Weight-loss drugs are reshaping consumption, and our analysis shows GLP-1s are set to erase $53 billion in food and beverage sales by 2035. Volume losses will be steepest in snacks, baked goods and confectionery -- a 4-6% sales drag in the US and 3-5% in Europe. Alcohol also faces a 2-4% drop as consumers shift to healthier options. -Lawal

Here are the key takeaways from the report that only suggest a coming food revolution across the West:

1. GLP-1s Could Cut Food, Beverage Sales by Billions

The adoption of GLP-1 drugs will significantly reduce US and European food and beverage consumption if uptake reaches 19.5% and 13.1% of the adolescent and adult population (ages 12-65+) by 2035, BI's high-end scenario analysis shows.
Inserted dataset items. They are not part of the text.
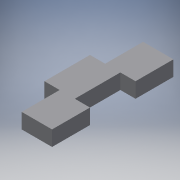
# Autodesk Inventor part: Part14
Saved by Autodesk Inventor 2018 (Build 220112000, 112)
## iProperties
Created: 2018-05-23
Part Number: Part14
Material: Generic
Document SubType Name: Modeling
Designer: lenovo
Density: 1 g/cm^3
Appearance: Default
Author: lenovo
Autodesk Inventor part; units mm, degrees
ref_plane "YZ Plane" through (0, 0, 0) normal (1, 0, 0) x (0, 1, 0)
ref_plane "XZ Plane" through (0, 0, 0) normal (0, 1, 0) x (-1, 0, 0)
ref_plane "XY Plane" through (0, 0, 0) normal (0, 0, 1) x (1, 0, 0)
sketch "Sketch1" plane through (0, 0, 0) normal (0, 1, 0) x (-1, 0, 0)
  line L0 (-25.4, 49.2125) -> (-31.75, 49.2125)
  line L1 (-31.75, 49.2125) -> (-31.75, 23.8125)
  line L2 (-31.75, 23.8125) -> (-25.4, 23.8125)
  line L3 (-25.4, 23.8125) -> (-25.4, 49.2125)
  line L4 (-25.4, 41.275) -> (-22.225, 41.275)
  line L5 (-22.225, 41.275) -> (-22.225, 31.75)
  line L6 (-22.225, 31.75) -> (-25.4, 31.75)
  line L7 (-25.4, 31.75) -> (-25.4, 41.275)
  line L8 (-31.75, 41.275) -> (-28.575, 41.275)
  line L9 (-28.575, 41.275) -> (-28.575, 31.75)
  line L10 (-28.575, 31.75) -> (-31.75, 31.75)
  line L11 (-31.75, 31.75) -> (-31.75, 41.275)
  point P0 (0, 0)
  dimension "d0" = 7.9375
  dimension "d1" = 7.9375
  dimension "d2" = 25.4
  dimension "d3" = 3.175
  dimension "d4" = 6.35
  dimension "d5" = 3.175
  constraints: 24 end point, 6 parallel, 4 point on line, 3 horizontal, 3 perpendicular
  measures "d0" distance between parallel lines of L0 L4
  measures "d1" distance between parallel lines of L2 L6
  measures "d2" distance between parallel lines of L2 L0
  measures "d3" distance between parallel lines of L5 L3
  measures "d4" distance between parallel lines of L1 L3
  measures "d5" distance between parallel lines of L1 L9
extrude "Extrusion1" add sketch "Sketch1" along normal blind 3.175 contours L3 L2 L1 L10 L9 L8 L0 | L4 L5 L6 L3
body "Solid1"
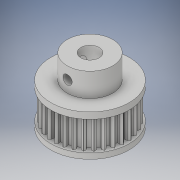
# Autodesk Inventor part: SmallBelt_Pulley
Saved by Autodesk Inventor 2019.4 (Build 234330000, 330)
## iProperties
Created: 2021-02-02
Part Number: SmallBelt_Pulley
Material: Generic
Document SubType Name: Modeling
Designer: Jorian Brusind
Density: 1 g/cm^3
Appearance: Default
Author: Jorian Brusind
Autodesk Inventor part; units mm, degrees
ref_plane "YZ Plane" through (0, 0, 0) normal (1, 0, 0) x (0, 1, 0)
ref_plane "XZ Plane" through (0, 0, 0) normal (0, 1, 0) x (-1, 0, 0)
ref_plane "XY Plane" through (0, 0, 0) normal (0, 0, 1) x (1, 0, 0)
sketch "Sketch1" plane through (0, 0, 0) normal (0, 1, 0) x (-1, 0, 0)
  circle A0 centre (0, 0) radius 10.75
  dimension "d0" = 21.5
  constraints: 1 centre point, 1 coincident
  measures "d0" diameter of A0
extrude "Extrusion1" add sketch "Sketch1" along normal blind 11.25
sketch "Sketch2" plane through (0, 11.25, 0) normal (0, 1, 0) x (1, 0, 0)
  circle A0 centre (0, 0) radius 6.25
  dimension "d3" = 12.5
  constraints: 1 centre point, 1 coincident
  measures "d3" diameter of A0
extrude "Extrusion2" add sketch "Sketch2" along normal blind 6.5
sketch "Sketch3" plane through (0, 0, 0) normal (1, 0, 0) x (0, 1, 0)
  line L0 (0, 10.75) -> (0, -10.75) projected
  line L1 (0, -10.75) -> (1.5, -10.75)
  line L2 (1.5, -10.75) -> (1.5, -9)
  line L3 (0, -10.75) -> (11.25, -10.75) projected
  line L4 (1.5, -9) -> (9.5, -9)
  line L5 (9.5, -9) -> (9.5, -10.75)
  line L6 (1.5, -10.75) -> (9.5, -10.75)
  line L7 (17.75, -6.25) -> (17.75, 6.25) projected
  line L8 (17.75, 0) -> (0, 0)
  dimension "d6" = 1.5
  dimension "d7" = 1.75
  dimension "d8" = 8
  constraints: 12 end point, 5 perpendicular, 1 horizontal, 1 midpoint, 1 point on line
  measures "d6" distance of L0.end L1.end
  measures "d7" distance of L1.end L2.end
  measures "d8" distance of L2.end L4.end
revolve "Revolution1" cut sketch "Sketch3" angle 360 about axis through (0, 17.75, 0) along (0, -1, 0)
sketch "Sketch4" plane through (0, 0, 0) normal (1, 0, 0) x (0, 1, 0)
  line L0 (1.5, 10.75) -> (1.5, -10.75) projected
  line L1 (1.5, -10.75) -> (1.5, -10.25)
  line L2 (1.5, -10.25) -> (9.5, -10.25)
  line L3 (9.5, -10.25) -> (9.5, -8.75)
  line L4 (9.5, -8.75) -> (1.5, -8.75)
  line L5 (1.5, -8.75) -> (1.5, -10.25)
  line L6 (0, 0) -> (17.75, 0)
  line L7 (17.75, -6.25) -> (17.75, 6.25) projected
  dimension "d10" = 0.5
  dimension "d11" = 8
  dimension "d12" = 1.5
  constraints: 12 end point, 2 parallel, 1 horizontal, 1 midpoint, 1 perpendicular, 1 point on line
  measures "d10" distance of L0.end L1.end
  measures "d11" distance of L4.end L3.end
  measures "d12" distance of L3.end L2.end
revolve "Revolution2" add sketch "Sketch4" angle 5.805 about axis through (0, 0, 0) along (0, -1, 0)
chamfer "Chamfer1" distance 0.5 angle 45 2 edges at (1.0367, 5.5, -10.1974) (0, 5.5, -10.25)
pattern_circular "Circular Pattern1" count 31 over 360 about axis through (0, 5.5, 0) along (0, 1, 0) of "Revolution2", "Chamfer1"
sketch "Sketch5" plane through (0, 17.75, 0) normal (0, 1, 0) x (1, 0, 0)
  circle A0 centre (0, 0) radius 2.5
  dimension "d20" = 5
  constraints: 1 centre point, 1 coincident
  measures "d20" diameter of A0
extrude "Extrusion3" cut sketch "Sketch5" against normal up to next
sketch "Sketch6" plane through (0, 0, 0) normal (1, 0, 0) x (0, 1, 0)
  line L0 (17.75, 2.5) -> (17.75, -2.5) projected
  line L1 (17.75, 0) -> (14.45, 0)
  circle A0 centre (14.45, 0) radius 1.25
  point P0 (0, 0)
  dimension "d23" = 3.3
  dimension "d24" = 2.5
  constraints: 2 end point, 1 centre point, 1 coincident, 1 horizontal, 1 midpoint
  measures "d23" distance of L1.start L1.end
  measures "d24" diameter of A0
extrude "Extrusion4" cut sketch "Sketch6" against normal up to next
pattern_circular "Circular Pattern2" count 2 over 90 about axis through (0, 11.25, 0) along (0, 1, 0) of "Extrusion4"
body "Solid1"

Our model isolates volume impact only and excludes pricing increases or reformulations that might o?set lower consumption. Under these assumptions, baked-goods sales are expected to drop by $11.5 billion and confectionery $8 billion -- the largest food declines -- while beer and spirits may fall by $12.5 billion and $9.2 billion, the steepest beverage contractions. Concurrently, we anticipate demand to shift toward healthier alternatives, with bottled water, fruits and vegetables each gaining more than $4 billion over the period.